Our future success will depend on our ability to increase revenues, which will
require the development and widespread acceptance of the Internet as a medium
for commerce. There can be no assurance that the Internet will be a successful
commercial channel. The Internet may not prove to be a viable commercial
marketplace because of inadequate development of the necessary infrastructure,
such as a reliable network for delivery of content, or complementary services,
such as high-speed modems and security procedures for financial transactions.
The viability of the Internet may prove uncertain due to delays in the
development and adoption of new standards and protocols to handle increased
levels of Internet activity or due to increased government regulation. If use of
the Internet does not continue to grow, or if the necessary Internet
infrastructure or complementary services are not developed to effectively
support growth that may occur, our business, results of operations and financial
condition could be materially adversely affected.

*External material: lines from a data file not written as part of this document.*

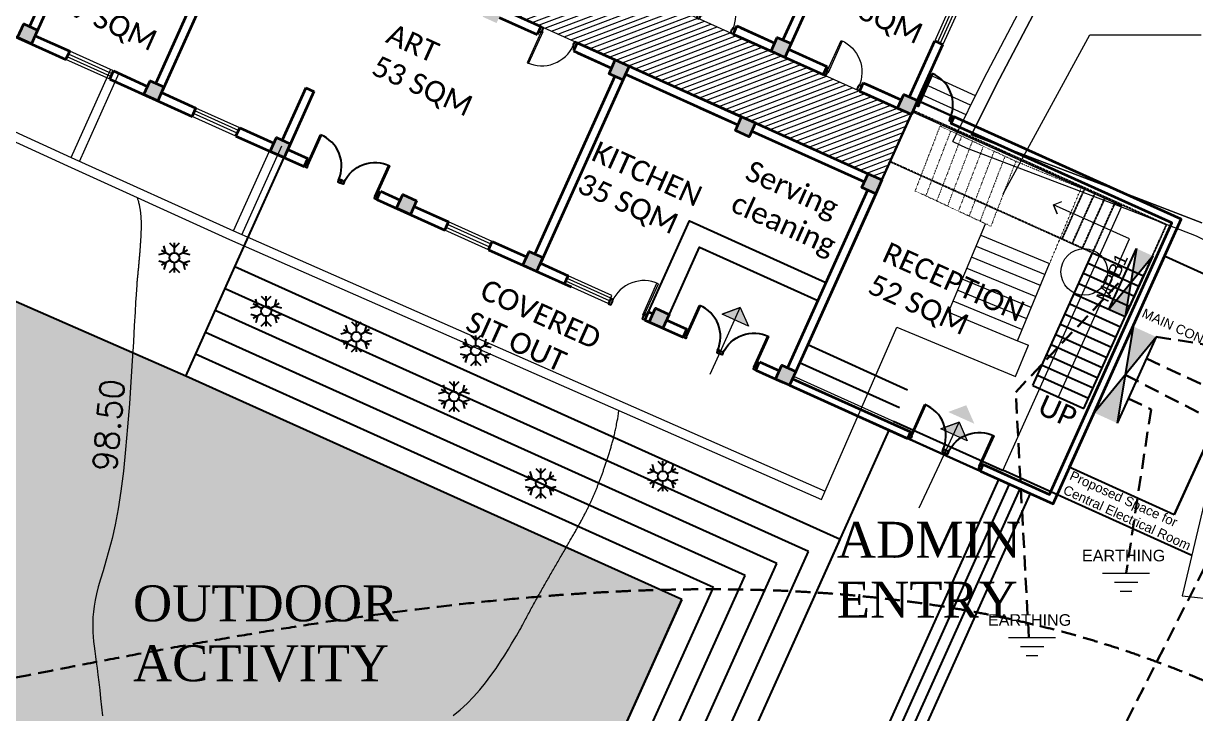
# Model space of a CAD drawing. Header units: inches. Extents: x 527934 to 2134587, y -408734 to 227304.
# Drawn here: x 701904 to 731264, y -149600 to -132314 of the extents above; entities that cross this region are included whole.
import ezdxf
from ezdxf.enums import TextEntityAlignment as Align

# ---------------------------------------------------------------- set-up
doc = ezdxf.new("R2010")
doc.units = ezdxf.units.IN
doc.header["$MEASUREMENT"] = 0
for name, pattern in [('ACAD_ISO07W100', [3.5, 0.5, -3]), ('CONTINU', [0]), ('DASHED', [0.75, 0.5, -0.25]), ('DOT2', [0.125, 0, -0.125]), ('HIDDEN', [0.375, 0.25, -0.125])]:
    doc.linetypes.add(name, pattern=pattern)
for name, color, linetype, lineweight in [('1 FOR ELEC', 3, 'Continuous', 30), ('5 DB BOXES', 3, 'Continuous', 25), ('boundary', 1, 'Continuous', 20), ('Cont_Annotation', 7, 'Continuous', 15), ('Contour', 3, 'Continuous', 5), ('dim', 253, 'Continuous', 9), ('door', 77, 'Continuous', 13), ('hatch', 250, 'Continuous', 5), ('K-ANO-Text', 250, 'Continuous', 15), ('K-ANO-Text @ 350', 250, 'Continuous', 15), ('Miscellaneous', 7, 'Continuous', 15), ('NEW BLOCKS', 12, 'Continuous', 30), ('partition wall', 5, 'Continuous', 20), ('sill', 253, 'Continuous', 13), ('wall - brick', 30, 'Continuous', 35), ('window', 1, 'Continuous', 15)]:
    doc.layers.add(name, color=color, linetype=linetype, lineweight=lineweight)
doc.layers.add('kpl_dessin fin', color=3, linetype='CONTINU')
doc.layers.add('Tree', color=3, linetype='Continuous')
doc.styles.add('1.5MM TEXT', font='calibri.ttf', dxfattribs={"height": 1.5})
doc.styles.add('2MM TEXT', font='calibri.ttf', dxfattribs={"height": 2})
doc.styles.add('arial', font='arial.ttf')
doc.styles.add('romans', font='romans.shx')
doc.styles.get("Standard").update_dxf_attribs({"font": 'arial.ttf'})
doc.dimstyles.new('2MM DIM', dxfattribs={"dimtxt": 2, "dimasz": 1.5, "dimexe": 1.5, "dimexo": 0, "dimgap": 0.5, "dimtad": 1, "dimdec": 0, "dimzin": 0, "dimdsep": 46, "dimtxsty": '2MM TEXT', "dimblk": 'OBLIQUE', "dimcen": 0.09, "dimdle": 2, "dimclrd": 256, "dimclre": 256, "dimclrt": 7, "dimadec": 0, "dimazin": 0, "dimtfac": 1, "dimtdec": 0, "dimtofl": 0, "dimtmove": 1, "dimatfit": 3, "dimfxl": 5, "dimtolj": 1, "dimtzin": 0, "dimlwd": -1, "dimlwe": -1, "dimarcsym": 0})

# ---------------------------------------------------------------- blocks, each defined once
blk = doc.blocks.new('Tree')
for p, q in [((-0.433, 0.25), (-0.525, 0.592)), ((-0.25, 0.75), (0, 0.5)), ((0, 0.25), (0, 0.75)), ((0, 0.5), (0.25, 0.75)), ((0.433, 0.25), (0.525, 0.592)), ((-0.775, 0.158), (-0.433, 0.25)), ((-0.65, 0.375), (-0.217, 0.125)), ((0.65, 0.375), (0.217, 0.125)), ((0.433, 0.25), (0.775, 0.158)), ((-0.775, -0.158), (-0.433, -0.25)), ((-0.217, -0.125), (-0.65, -0.375)), ((-0.433, -0.25), (-0.525, -0.592)), ((-0.25, -0.75), (0, -0.5)), ((0, -0.75), (0, -0.25)), ((0, -0.5), (0.25, -0.75)), ((0.217, -0.125), (0.65, -0.375)), ((0.433, -0.25), (0.775, -0.158)), ((0.433, -0.25), (0.525, -0.592))]:
    blk.add_line(p, q)
blk.add_circle((0, 0), 0.25)
blk = doc.blocks.new('_Oblique')
at = {"color": 0, "linetype": 'ByBlock', "lineweight": -2}
blk.add_line((-0.5, -0.5), (0.5, 0.5), dxfattribs=at)
blk = doc.blocks.new('*D84')
at = {"linetype": 'DOT2', "ltscale": 0.5, "transparency": 16777216}
for p, q in [((721552, -140360), (721552, -140360)), ((724052, -141489), (724052, -141489))]:
    blk.add_line(p, q, dxfattribs=at)
at = {"ltscale": 0.5, "transparency": 16777216}
blk.add_line((721552, -140360), (724052, -141489), dxfattribs=at)
at = {"layer": 'Defpoints', "color": 0, "ltscale": 0.5, "transparency": 16777216}
for p in [(721195, -141149), (724052, -141489), (723695, -142279)]:
    blk.add_point(p, dxfattribs=at)
at = {"ltscale": 0.5, "transparency": 16777216, "xscale": 0.015, "yscale": 0.015, "zscale": 0.015}
for p, rotation in [((721552, -140360), 155.6877460990055), ((724052, -141489), 335.6877460990054)]:
    blk.add_blockref('_Oblique', p, dxfattribs=dict(at, rotation=rotation))
at = {"color": 7, "ltscale": 0.5, "transparency": 16777216, "insert": (722802, -140923), "char_height": 2, "attachment_point": 5, "rotation": 335.6877, "style": '2MM TEXT'}
blk.add_mtext('\\A1;2743', dxfattribs=at)
blk = doc.blocks.new('*D85')
at = {"linetype": 'DOT2', "ltscale": 0.5, "transparency": 16777216}
for p, q in [((721346, -140815), (721346, -140815)), ((723847, -141942), (723847, -141941))]:
    blk.add_line(p, q, dxfattribs=at)
at = {"ltscale": 0.5, "transparency": 16777216}
blk.add_line((723847, -141942), (721346, -140815), dxfattribs=at)
at = {"layer": 'Defpoints', "color": 0, "ltscale": 0.5, "transparency": 16777216}
for p in [(721346, -140815), (721194, -141152), (723695, -142279)]:
    blk.add_point(p, dxfattribs=at)
at = {"ltscale": 0.5, "transparency": 16777216, "xscale": 0.015, "yscale": 0.015, "zscale": 0.015}
for p, rotation in [((721346, -140815), 155.7595136424966), ((723847, -141942), 335.7595136424967)]:
    blk.add_blockref('_Oblique', p, dxfattribs=dict(at, rotation=rotation))
at = {"color": 7, "ltscale": 0.5, "transparency": 16777216, "insert": (722597, -141377), "char_height": 2, "attachment_point": 5, "rotation": 335.7595, "style": '2MM TEXT'}
blk.add_mtext('\\A1;2743', dxfattribs=at)
blk = doc.blocks.new('Dd1')
at = {"layer": 'door'}
for p, q in [((6330587, 14339), (6330587, 13509)), ((6330599, 14377), (6330625, 14377)), ((6330625, 14377), (6330625, 13510))]:
    blk.add_line(p, q, dxfattribs=at)
at = {"layer": 'door', "lineweight": 25}
for points in [[(6330599, 14377), (6330587, 14377), (6330587, 14339), (6330524, 14339), (6330524, 14479), (6330587, 14479)], [(6331449, 14377), (6331461, 14377), (6331461, 14339), (6331524, 14339), (6331524, 14479), (6331461, 14479)]]:
    blk.add_lwpolyline(points, close=True, dxfattribs=at)
at = {"layer": 'door'}
blk.add_arc((6330593, 14377), 868, 269.6039, 0, dxfattribs=at)
blk = doc.blocks.new('d1')
at = {"ltscale": 0.5}
for p, q in [((629553.785, 3057318.347), (629554.514, 3057317.91)), ((629553.798, 3057318.368), (629554.527, 3057317.932))]:
    blk.add_line(p, q, dxfattribs=at)
for points in [[(629553.781, 3057318.437), (629553.845, 3057318.398), (629553.819, 3057318.355), (629553.798, 3057318.368), (629553.785, 3057318.347), (629553.742, 3057318.372)], [(629553.267, 3057317.579), (629553.332, 3057317.54), (629553.357, 3057317.583), (629553.336, 3057317.596), (629553.349, 3057317.617), (629553.306, 3057317.643)]]:
    blk.add_lwpolyline(points, close=True, dxfattribs=at)
blk.add_arc((629553.785, 3057318.347), 0.85, 239.1059, 330.7913, dxfattribs=at)
blk = doc.blocks.new('bldg1')
h = blk.add_hatch()
h.set_pattern_fill('ANSI31', color=256, scale=10, angle=-90)
h.set_pattern_definition([(315, (2526338.6844, 3746828.4121), (0.8838834765, 0.8838834765), [])])
h.paths.add_polyline_path([(2556745, 3367289), (2556745, 3367669), (2556365, 3367669), (2556365, 3367289)])
h.paths.add_polyline_path([(2556745, 3372549), (2556745, 3372929), (2556365, 3372929), (2556365, 3372549)])
h.paths.add_polyline_path([(2556745, 3374729), (2556745, 3375109), (2556365, 3375109), (2556365, 3374729)])
h.paths.add_polyline_path([(2556745, 3379989), (2556745, 3380369), (2556365, 3380369), (2556365, 3379989)])
h.paths.add_polyline_path([(2553270, 3379989), (2553270, 3380369), (2552890, 3380369), (2552890, 3379989)])
h.paths.add_polyline_path([(2553270, 3374729), (2553270, 3375109), (2552890, 3375109), (2552890, 3374729)])
h.paths.add_polyline_path([(2553270, 3372549), (2553270, 3372929), (2552890, 3372929), (2552890, 3372549)])
h.paths.add_polyline_path([(2553270, 3367289), (2553270, 3367669), (2552890, 3367669), (2552890, 3367289)])
h.paths.add_polyline_path([(2549800, 3386439), (2549800, 3386819), (2549420, 3386819), (2549420, 3386439)])
h.paths.add_polyline_path([(2549800, 3381589), (2549800, 3381969), (2549420, 3381969), (2549420, 3381589)])
h.paths.add_polyline_path([(2549800, 3379989), (2549800, 3380369), (2549420, 3380369), (2549420, 3379989)])
h.paths.add_polyline_path([(2549800, 3374729), (2549800, 3375109), (2549420, 3375109), (2549420, 3374729)])
h.paths.add_polyline_path([(2549800, 3372549), (2549800, 3372929), (2549420, 3372929), (2549420, 3372549)])
h.paths.add_polyline_path([(2549800, 3367289), (2549800, 3367669), (2549420, 3367669), (2549420, 3367289)])
h.paths.add_polyline_path([(2546330, 3386439), (2546330, 3386819), (2545950, 3386819), (2545950, 3386439)])
h.paths.add_polyline_path([(2546330, 3379989), (2546330, 3380328), (2546330, 3380369), (2545950, 3380369), (2545950, 3379989)])
h.paths.add_polyline_path([(2546330, 3374729), (2546330, 3375109), (2545950, 3375109), (2545950, 3374729)])
h.paths.add_polyline_path([(2546330, 3372549), (2546330, 3372929), (2545950, 3372929), (2545950, 3372549)])
h.paths.add_polyline_path([(2546330, 3367289), (2546330, 3367669), (2545950, 3367669), (2545950, 3367289)])
h.paths.add_polyline_path([(2542860, 3367289), (2542860, 3367669), (2542480, 3367669), (2542480, 3367289)])
h.paths.add_polyline_path([(2542860, 3372549), (2542860, 3372929), (2542480, 3372929), (2542480, 3372549)])
h.paths.add_polyline_path([(2542860, 3374729), (2542860, 3375109), (2542480, 3375109), (2542480, 3374729)])
h.paths.add_polyline_path([(2542860, 3379989), (2542860, 3380369), (2542480, 3380369), (2542480, 3379989)])
h.paths.add_polyline_path([(2542860, 3386439), (2542860, 3386819), (2542480, 3386819), (2542480, 3386439)])
h.paths.add_polyline_path([(2539390, 3386439), (2539390, 3386819), (2539010, 3386819), (2539010, 3386439)])
h.paths.add_polyline_path([(2539390, 3381589), (2539390, 3381969), (2539010, 3381969), (2539010, 3381589)])
h.paths.add_polyline_path([(2539390, 3379989), (2539390, 3380369), (2539010, 3380369), (2539010, 3379989)])
h.paths.add_polyline_path([(2539390, 3374729), (2539390, 3375109), (2539010, 3375109), (2539010, 3374729)])
h.paths.add_polyline_path([(2539390, 3367289), (2539390, 3367669), (2539010, 3367669), (2539010, 3367289)])
h.paths.add_polyline_path([(2539390, 3372549), (2539390, 3372929), (2539010, 3372929), (2539010, 3372549)])
h.paths.add_polyline_path([(2535920, 3367289), (2535920, 3367669), (2535540, 3367669), (2535540, 3367289)])
h.paths.add_polyline_path([(2535920, 3372549), (2535920, 3372929), (2535540, 3372929), (2535540, 3372549)])
h.paths.add_polyline_path([(2535920, 3374729), (2535920, 3375109), (2535540, 3375109), (2535540, 3374729)])
h.paths.add_polyline_path([(2535920, 3379989), (2535920, 3380369), (2535540, 3380369), (2535540, 3379989)])
h.paths.add_polyline_path([(2532450, 3379989), (2532450, 3380369), (2532070, 3380369), (2532070, 3379989)])
h.paths.add_polyline_path([(2532450, 3374729), (2532450, 3375109), (2532070, 3375109), (2532070, 3374729)])
h.paths.add_polyline_path([(2532450, 3372549), (2532450, 3372929), (2532070, 3372929), (2532070, 3372549)])
h.paths.add_polyline_path([(2532450, 3367289), (2532450, 3367669), (2532070, 3367669), (2532070, 3367289)])
h.paths.add_polyline_path([(2528980, 3367289), (2528980, 3367669), (2528600, 3367669), (2528600, 3367289)])
h.paths.add_polyline_path([(2528980, 3372549), (2528980, 3372929), (2528600, 3372929), (2528600, 3372549)])
h.paths.add_polyline_path([(2528980, 3374729), (2528980, 3375109), (2528600, 3375109), (2528600, 3374729)])
h.paths.add_polyline_path([(2528980, 3379989), (2528980, 3380369), (2528600, 3380369), (2528600, 3379989)])
at = {"ltscale": 0.5}
h = blk.add_hatch(color=256, dxfattribs=at)
h.paths.add_polyline_path([(2554820, 3368560), (2554820, 3368219), (2555197, 3368219)])
h.paths.add_polyline_path([(2554820, 3368560), (2554795, 3368534), (2554799, 3368219), (2554820, 3368219)])
h.paths.add_polyline_path([(2554795, 3368534), (2554476, 3368219), (2554799, 3368219)])
h = blk.add_hatch(color=256, dxfattribs=at)
h.paths.add_polyline_path([(2560988, 3368651), (2560988, 3368310), (2561365, 3368310)])
h.paths.add_polyline_path([(2560988, 3368651), (2560963, 3368625), (2560967, 3368310), (2560988, 3368310)])
h.paths.add_polyline_path([(2560963, 3368625), (2560644, 3368310), (2560967, 3368310)])
at = {"layer": 'hatch', "ltscale": 0.5}
h = blk.add_hatch(dxfattribs=at)
h.set_pattern_fill('ANSI31', color=256, scale=1000, style=0)
h.set_pattern_definition([(45, (2528825.24, 3372928.98), (-88.38835, 88.38835), [])])
h.paths.add_polyline_path([(2528825, 3372929), (2556745, 3372929), (2556745, 3374729), (2528825, 3374729)])
for p, q in [((2559488, 3343298), (2559488, 3367289)), ((2559488, 3367289), (2559988, 3367289)), ((2561988, 3367289), (2562488, 3367289)), ((2562488, 3367289), (2562488, 3343298))]:
    blk.add_line(p, q)
for points in [[(2552770, 3367514), (2552770, 3370014), (2556520, 3370014)], [(2553270, 3367514), (2553270, 3369514), (2556520, 3369514)]]:
    blk.add_lwpolyline(points)
blk.add_line((2556745, 3373429), (2556745, 3374919), dxfattribs=at)
blk.add_lwpolyline([(2528825, 3372929), (2556745, 3372929), (2556745, 3374729), (2528825, 3374729)], close=True, dxfattribs=at)
at = {"layer": 'kpl_dessin fin', "linetype": 'DASHED', "ltscale": 10}
for p, q in [((2561468, 3373429), (2561468, 3374829)), ((2561748, 3373429), (2561748, 3374829)), ((2562028, 3373429), (2562028, 3374829)), ((2562308, 3373429), (2562308, 3374829))]:
    blk.add_line(p, q, dxfattribs=at)
at = {"layer": 'kpl_dessin fin', "ltscale": 0.5}
for p, q in [((2562308, 3373429), (2563708, 3373429)), ((2562308, 3373149), (2563708, 3373149)), ((2562308, 3372869), (2563708, 3372869)), ((2562308, 3372589), (2563708, 3372589)), ((2562308, 3372309), (2563708, 3372309)), ((2562308, 3372029), (2563708, 3372029)), ((2562308, 3371749), (2563708, 3371749)), ((2562308, 3371469), (2563708, 3371469)), ((2562308, 3371189), (2563708, 3371189)), ((2562308, 3370909), (2563708, 3370909)), ((2562308, 3370629), (2563708, 3370629)), ((2562308, 3370349), (2563708, 3370349)), ((2562308, 3370069), (2563708, 3370069)), ((2562308, 3369789), (2563708, 3369789)), ((2562489, 3367289), (2562489, 3346658)), ((2562489, 3367289), (2563359, 3367289)), ((2562779, 3367289), (2562779, 3346948)), ((2563069, 3367289), (2563069, 3347238)), ((2563359, 3367289), (2563359, 3347528)), ((2542860, 3361289), (2542860, 3364289)), ((2559488, 3364289), (2542860, 3364289)), ((2559488, 3347288), (2559488, 3364289)), ((2558888, 3363689), (2542860, 3363689)), ((2558888, 3347288), (2558888, 3363689)), ((2558288, 3363089), (2542860, 3363089)), ((2558288, 3347288), (2558288, 3363089)), ((2557688, 3362489), (2542860, 3362489)), ((2557688, 3347288), (2557688, 3362489)), ((2557088, 3361889), (2542860, 3361889)), ((2557088, 3347288), (2557088, 3361889)), ((2556488, 3361289), (2542860, 3361289)), ((2556488, 3347288), (2556488, 3361289))]:
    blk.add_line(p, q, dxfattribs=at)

INCREASING GOVERNMENTAL REGULATION ON ELECTRONIC COMMERCE AND LEGAL
UNCERTAINTIES COULD LIMIT OUR GROWTH.
The adoption of new laws or the adaptation of existing laws to the Internet may
decrease the growth in the use of the Internet, which could in turn decrease the
demand for our services, increase our cost of doing business or otherwise harm
our business. Federal, state, local and foreign governments are considering a
number of legislative and regulatory proposals relating to Internet commerce. As
a result, a number of laws or regulations may be adopted regarding Internet user
privacy, security, taxation, pricing, quality of products and services, and
intellectual property ownership, which may also be applicable to us. How
existing laws will be applied to the Internet, in areas such as property
ownership, copyrights, trademarks, trade secrets, and obscene or indecent
communications, is uncertain.
CAPACITY CONSTRAINTS AND SYSTEM DISRUPTIONS COULD SUBSTANTIALLY REDUCE THE
PRODUCTS WE SELL AND UNDERMINE OUR REPUTATION FOR RELIABILITY AMONG OUR
CUSTOMERS AND POTENTIAL CUSTOMERS.
The satisfactory performance, reliability and availability of our Internet sites
and our network infrastructure are critical to attracting Internet users and
maintaining relationships with subscribing customers. System interruptions that
result in the unavailability of our Internet sites and slower response times for
users could reduce the number of products and multi-media services we deliver
and reduce the attractiveness of our services to members and subscribers. Any
disruption of our services would materially adversely affect our business,
financial condition and results of operations.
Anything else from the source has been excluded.